The Azure geo-failover process is a manual process as well, and may take days to complete.


See the diagram to the right for a depiction of this standby deployment:


The Standby SoftNAS HA Nodes are simply SoftNAS nodes that have been launched in Region B and stopped in preparation for an Azure geo-failover


The Standby SoftNAS Nodes are not connected to any Azure Storage Account while in standby, being the Storage Account with the replicated data in Region B is not accessible until after Azure performs a geo-failover (RA-GRS may provide read-only access, but as of this time we are not sure if the storage account used for the read-only RA-GRS access will represent the same storage account that would be used during a post geo-failover event).

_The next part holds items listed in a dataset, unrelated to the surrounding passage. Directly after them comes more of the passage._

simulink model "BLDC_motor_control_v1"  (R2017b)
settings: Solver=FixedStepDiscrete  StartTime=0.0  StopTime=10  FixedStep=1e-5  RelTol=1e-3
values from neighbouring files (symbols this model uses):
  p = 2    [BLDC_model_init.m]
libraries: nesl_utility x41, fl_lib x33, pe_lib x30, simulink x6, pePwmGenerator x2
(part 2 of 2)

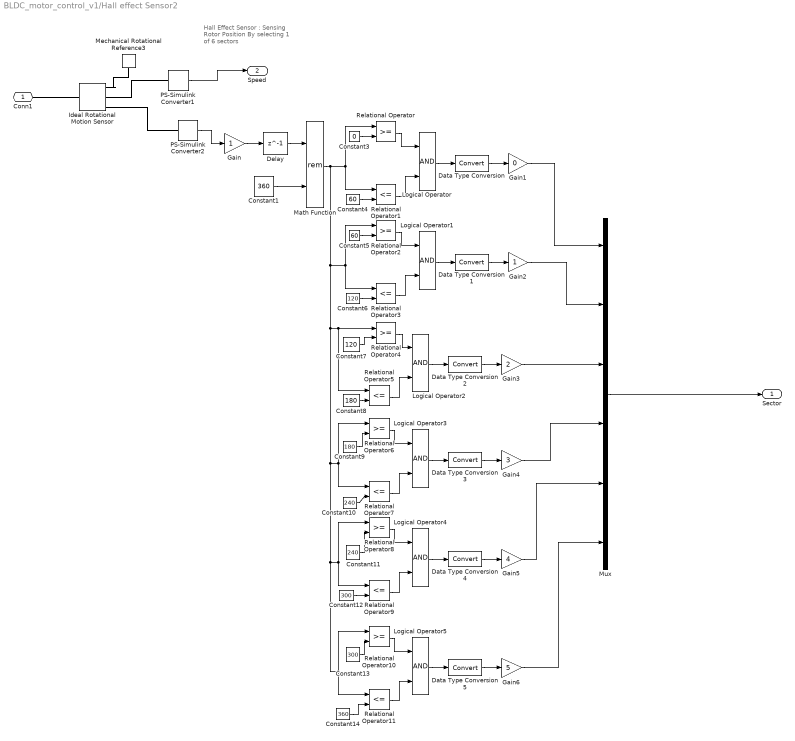
== system BLDC_motor_control_v1/Hall effect Sensor2 ==
  note: Hall Effect Sensor : Sensing Rotor Position By selecting 1 of 6 sectors
  Constant1 : Constant  Value=360
  Constant10 : Constant  Value=240
  Constant11 : Constant  Value=240
  Constant12 : Constant  Value=300
  Constant13 : Constant  Value=300
  Constant14 : Constant  Value=360
  Constant3 : Constant  Value=0
  Constant4 : Constant  Value=60
  Constant5 : Constant  Value=60
  Constant6 : Constant  Value=120
  Constant7 : Constant  Value=120
  Constant8 : Constant  Value=180
  Constant9 : Constant  Value=180
  Data Type Conversion{,1..5} (6 alike) : DataTypeConversion
  Delay : Delay  DelayLength=1
  Gain : Gain
  Gain1 : Gain  Gain=0
  Gain2 : Gain
  Gain3 : Gain  Gain=2
  Gain4 : Gain  Gain=3
  Gain5 : Gain  Gain=4
  Gain6 : Gain  Gain=5
  Ideal Rotational Motion Sensor : fl_lib/Mechanical/Mechanical Sensors/Ideal Rotational Motion Sensor  offset=0 rad
  Logical Operator{,1..5} (6 alike) : Logic  AllPortsSameDT=off  OutDataTypeStr=boolean
  Math Function : Math  Operator=rem  SaturateOnIntegerOverflow=on
  Mechanical Rotational Reference3 : fl_lib/Mechanical/Rotational Elements/Mechanical Rotational Reference
  Mux : Mux  Inputs=6
  PS-Simulink Converter1 : nesl_utility/PS-Simulink Converter  PhysicalDomain=network_engine_domain  SubClassName=ps_output  LeftPortType=input  RightPortType=output  PseudoPeriodic=off  Frequencies=[]  Unit=1  AffineConversion=off
  PS-Simulink Converter2 : nesl_utility/PS-Simulink Converter  PhysicalDomain=network_engine_domain  SubClassName=ps_output  LeftPortType=input  RightPortType=output  PseudoPeriodic=off  Frequencies=[]  Unit=1  AffineConversion=off
  Relational Operator{,2,4,6,8,10} (6 alike) : RelationalOperator  OutDataTypeStr=boolean  RndMeth=Simplest
  Relational Operator{1,3,5,7,9,11} (6 alike) : RelationalOperator  Operator=<=  OutDataTypeStr=boolean  RndMeth=Simplest
  Conn1 : PMIOPort  Port=1  Side=Left
  Sector : Outport
  Speed : Outport  Port=2
  wires:
  PS-Simulink Converter2/1 -> Gain/1
  Gain5/1 -> Mux/5
  Gain/1 -> Delay/1
  Gain6/1 -> Mux/6
  Relational Operator10/1 -> Logical Operator5/1
  Relational Operator6/1 -> Logical Operator3/1
  Data Type Conversion2/1 -> Gain3/1
  Logical Operator/1 -> Data Type Conversion/1
  Constant6/1 -> Relational Operator3/2
  Constant1/1 -> Math Function/2
  Relational Operator5/1 -> Logical Operator2/2
  Relational Operator/1 -> Logical Operator/1
  Relational Operator4/1 -> Logical Operator2/1
  Constant9/1 -> Relational Operator6/2
  Constant10/1 -> Relational Operator7/2
  Mux/1 -> Sector/1
  Constant3/1 -> Relational Operator/2
  Data Type Conversion1/1 -> Gain2/1
  Math Function/1 -> Relational Operator1/1, Relational Operator/1, Relational Operator3/1, Relational Operator2/1, Relational Operator5/1, Relational Operator4/1, Relational Operator11/1, Relational Operator10/1, Relational Operator9/1, Relational Operator8/1, Relational Operator7/1, Relational Operator6/1
  Gain2/1 -> Mux/2
  Constant8/1 -> Relational Operator5/2
  Relational Operator8/1 -> Logical Operator4/1
  Relational Operator2/1 -> Logical Operator1/1
  Gain4/1 -> Mux/4
  Logical Operator1/1 -> Data Type Conversion1/1
  Logical Operator2/1 -> Data Type Conversion2/1
  Gain3/1 -> Mux/3
  Delay/1 -> Math Function/1
  Gain1/1 -> Mux/1
  Logical Operator5/1 -> Data Type Conversion5/1
  Constant14/1 -> Relational Operator11/2
  Constant13/1 -> Relational Operator10/2
  Constant7/1 -> Relational Operator4/2
  Relational Operator11/1 -> Logical Operator5/2
  Data Type Conversion5/1 -> Gain6/1
  Data Type Conversion3/1 -> Gain4/1
  Relational Operator9/1 -> Logical Operator4/2
  Relational Operator7/1 -> Logical Operator3/2
  Relational Operator3/1 -> Logical Operator1/2
  Data Type Conversion/1 -> Gain1/1
  Logical Operator4/1 -> Data Type Conversion4/1
  Data Type Conversion4/1 -> Gain5/1
  Constant5/1 -> Relational Operator2/2
  Constant4/1 -> Relational Operator1/2
  Constant11/1 -> Relational Operator8/2
  PS-Simulink Converter1/1 -> Speed/1
  Logical Operator3/1 -> Data Type Conversion3/1
  Relational Operator1/1 -> Logical Operator/2
  Constant12/1 -> Relational Operator9/2
  connections:
  Ideal Rotational Motion Sensor/RConn3 -- PS-Simulink Converter2/LConn1
  Ideal Rotational Motion Sensor/RConn2 -- PS-Simulink Converter1/LConn1
  Ideal Rotational Motion Sensor/LConn1 -- Conn1/RConn1
  Ideal Rotational Motion Sensor/RConn1 -- Mechanical Rotational Reference3/LConn1

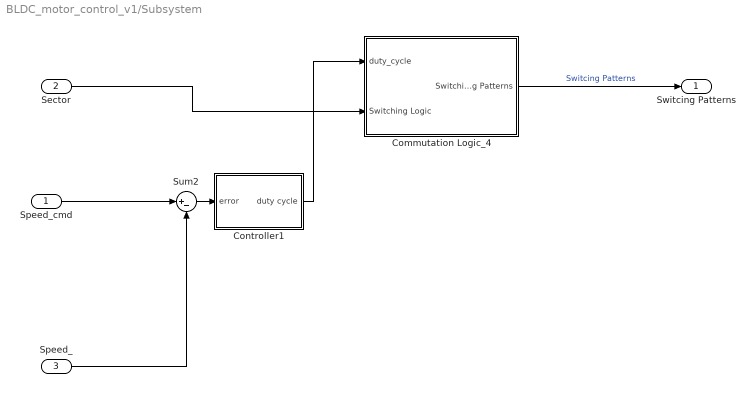
== system BLDC_motor_control_v1/Subsystem ==
  Speed_cmd : Inport  OutDataTypeStr=double  PortDimensions=1  SampleTime=[1.0000000000000001e-05,0]
  Sector : Inport  Port=2  OutDataTypeStr=double  PortDimensions=6  SampleTime=[1.0000000000000001e-05,0]
  Speed_ : Inport  Port=3  OutDataTypeStr=double  PortDimensions=1  SampleTime=[1.0000000000000001e-05,0]
  Commutation Logic_4 : Subsystem
  Controller1 : Subsystem
  Sum2 : Sum  Inputs=|+-
  Switcing Patterns : Outport  OutDataTypeStr=double  PortDimensions=6  SampleTime=[1.0000000000000001e-05,0]
  wires:
  Speed_/1 -> Sum2/2
  Sum2/1 -> Controller1/1(error)
  Controller1/1(duty cycle) -> Commutation Logic_4/1(duty_cycle)
  Commutation Logic_4/1(Switching Patterns) -> Switcing Patterns/1  "Switcing Patterns"
  Speed_cmd/1 -> Sum2/1
  Sector/1 -> Commutation Logic_4/2(Switching Logic)

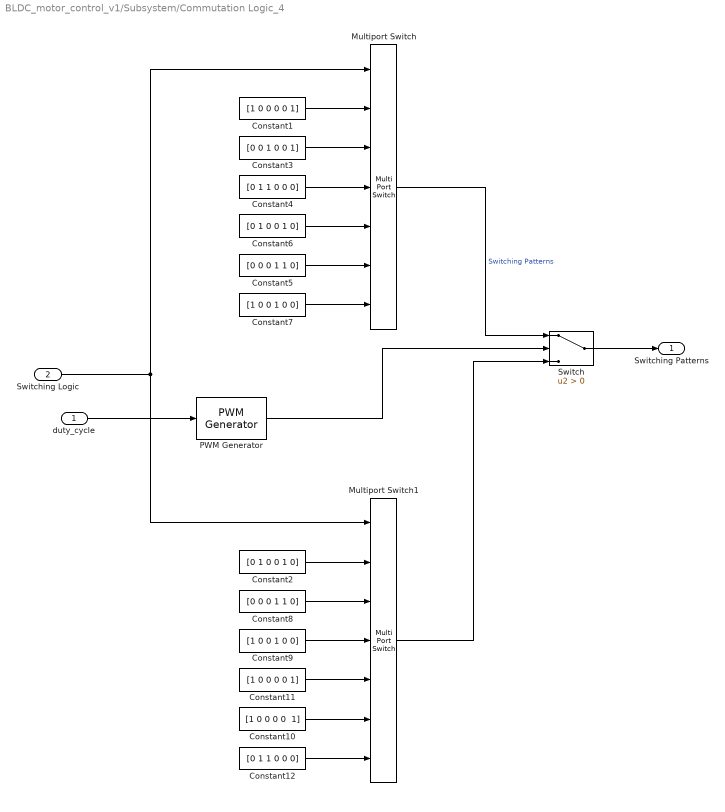
== system BLDC_motor_control_v1/Subsystem/Commutation Logic_4 ==
  duty_cycle : Inport
  Switching Logic : Inport  Port=2
  Constant1 : Constant  Value=[1 0 0 0 0 1]
  Constant10 : Constant  Value="[1 0 0 0 0  1]"
  Constant11 : Constant  Value=[1 0 0 0 0 1]
  Constant12 : Constant  Value=[0 1 1 0 0 0]
  Constant2 : Constant  Value=[0 1 0 0 1 0]
  Constant3 : Constant  Value=[0 0 1 0 0 1]
  Constant4 : Constant  Value=[0 1 1 0 0 0]
  Constant5 : Constant  Value=[0 0 0 1 1 0]
  Constant6 : Constant  Value=[0 1 0 0 1 0]
  Constant7 : Constant  Value=[1 0 0 1 0 0]
  Constant8 : Constant  Value=[0 0 0 1 1 0]
  Constant9 : Constant  Value=[1 0 0 1 0 0]
  Multiport Switch : MultiPortSwitch  DataPortOrder=Zero-based contiguous  Inputs=6
  Multiport Switch1 : MultiPortSwitch  DataPortOrder=Zero-based contiguous  Inputs=6
  PWM Generator : pePwmGenerator/PWM Generator  CarrCount=Up  Tper=0.001  Ts=5e-5
  Switch : Switch  Criteria=u2 > Threshold
  Switching Patterns : Outport
  wires:
  Multiport Switch1/1 -> Switch/3
  Constant11/1 -> Multiport Switch1/5
  Constant10/1 -> Multiport Switch1/6
  Constant2/1 -> Multiport Switch1/2
  Constant8/1 -> Multiport Switch1/3
  Constant9/1 -> Multiport Switch1/4
  Constant12/1 -> Multiport Switch1/7
  Switch/1 -> Switching Patterns/1
  Multiport Switch/1 -> Switch/1  "Switching Patterns"
  PWM Generator/1 -> Switch/2
  duty_cycle/1 -> PWM Generator/1
  Constant5/1 -> Multiport Switch/6
  Constant6/1 -> Multiport Switch/5
  Constant3/1 -> Multiport Switch/3
  Constant7/1 -> Multiport Switch/7
  Constant1/1 -> Multiport Switch/2
  Constant4/1 -> Multiport Switch/4
  Switching Logic/1 -> Multiport Switch/1, Multiport Switch1/1

== system BLDC_motor_control_v1/Subsystem/Controller1 ==
  error : Inport
  PID Controller1 : simulink/Continuous/PID Controller  Controller=PI  TimeDomain=Discrete-time  SampleTime=-1  IntegratorMethod=Forward Euler  FilterMethod=Forward Euler  Form=Parallel  UseFilter=on  ControllerParametersSource=internal  P=0.01  I=5  D=0  N=100  InitialConditionSource=internal  InitialConditionForIntegrator=0  InitialConditionForFilter=0  ExternalReset=none  LimitOutput=off  UpperSaturationLimit=inf  LowerSaturationLimit=-inf  LinearizeAsGain=on  AntiWindupMode=none  Kb=1  TrackingMode=off  Kt=1  PParamMin=[]  PParamMax=[]  IParamMin=[]  IParamMax=[]  DParamMin=[]  DParamMax=[]  NParamMin=[]  NParamMax=[]  KbParamMin=[]  KbParamMax=[]  KtParamMin=[]  KtParamMax=[]  POutMin=[]  POutMax=[]  IOutMin=[]  IOutMax=[]  DOutMin=[]  DOutMax=[]  NOutMin=[]  NOutMax=[]  KbOutMin=[]  KbOutMax=[]  KtOutMin=[]  KtOutMax=[]  IntegratorOutMin=[]  IntegratorOutMax=[]  FilterOutMin=[]  FilterOutMax=[]  SumOutMin=[]  SumOutMax=[]  SumI1OutMin=[]  SumI1OutMax=[]  SumI2OutMin=[]  SumI2OutMax=[]  SumI3OutMin=[]  SumI3OutMax=[]  SumDOutMin=[]  SumDOutMax=[]  SaturationOutMin=[]  SaturationOutMax=[]  IntegratorContinuousStateAttributes=''  IntegratorStateMustResolveToSignalObject=off  IntegratorRTWStateStorageClass=Auto  FilterContinuousStateAttributes=''  FilterStateMustResolveToSignalObject=off  FilterRTWStateStorageClass=Auto  DifferentiatorICPrevScaledInput=0  DifferentiatorOutMin=[]  DifferentiatorOutMax=[]  InitialConditionSetting=State (most efficient)  FilterDiffOutCoefMin=[]  FilterDiffOutCoefMax=[]  SumDenOutMin=[]  SumDenOutMax=[]  SumNumOutMin=[]  SumNumOutMax=[]  ReciprocalOutMin=[]  ReciprocalOutMax=[]  DivideOutMin=[]  DivideOutMax=[]  TunerSelectOption=Transfer Function Based (PID Tuner App)
  duty cycle : Outport
  wires:
  error/1 -> PID Controller1/1
  PID Controller1/1 -> duty cycle/1

Expected Steps to Recover From a Geo-failover with SoftNAS

These steps have NOT been formally verified by SoftNAS

After Azure has performed a geo-failover, the below is expected stated of the Azure Region B based on Azure documentation:

  1. No access to Azure Region A available.
  2. The data that has been replicated to Region B is now R/W accessible through the same Azure storage account that was used to connect to it in Region A.
  3. The data is no longer being replicated by Azure

Assumed SoftNAS steps after an Azure geo-failure:

  1. SoftNAS VMs would need to be launched in Region B, or the standby SoftNAS VMs started if they exist.
  2. The Azure storage that was replicated would need to be imported into the Region B SoftNAS VMs using the same Azure storage account.
  3. Any application that was previously accessing SoftNAS in Region B would need to have its DNS changed to now point to the SoftNAS servers in Region B.
  4. If the SoftNAS HA pair in Region A was in a failure state when Region A was lost, recovery options on Region B after the above steps could have complications, being Azure clearly indicates that data may have been lost during a geo-failover.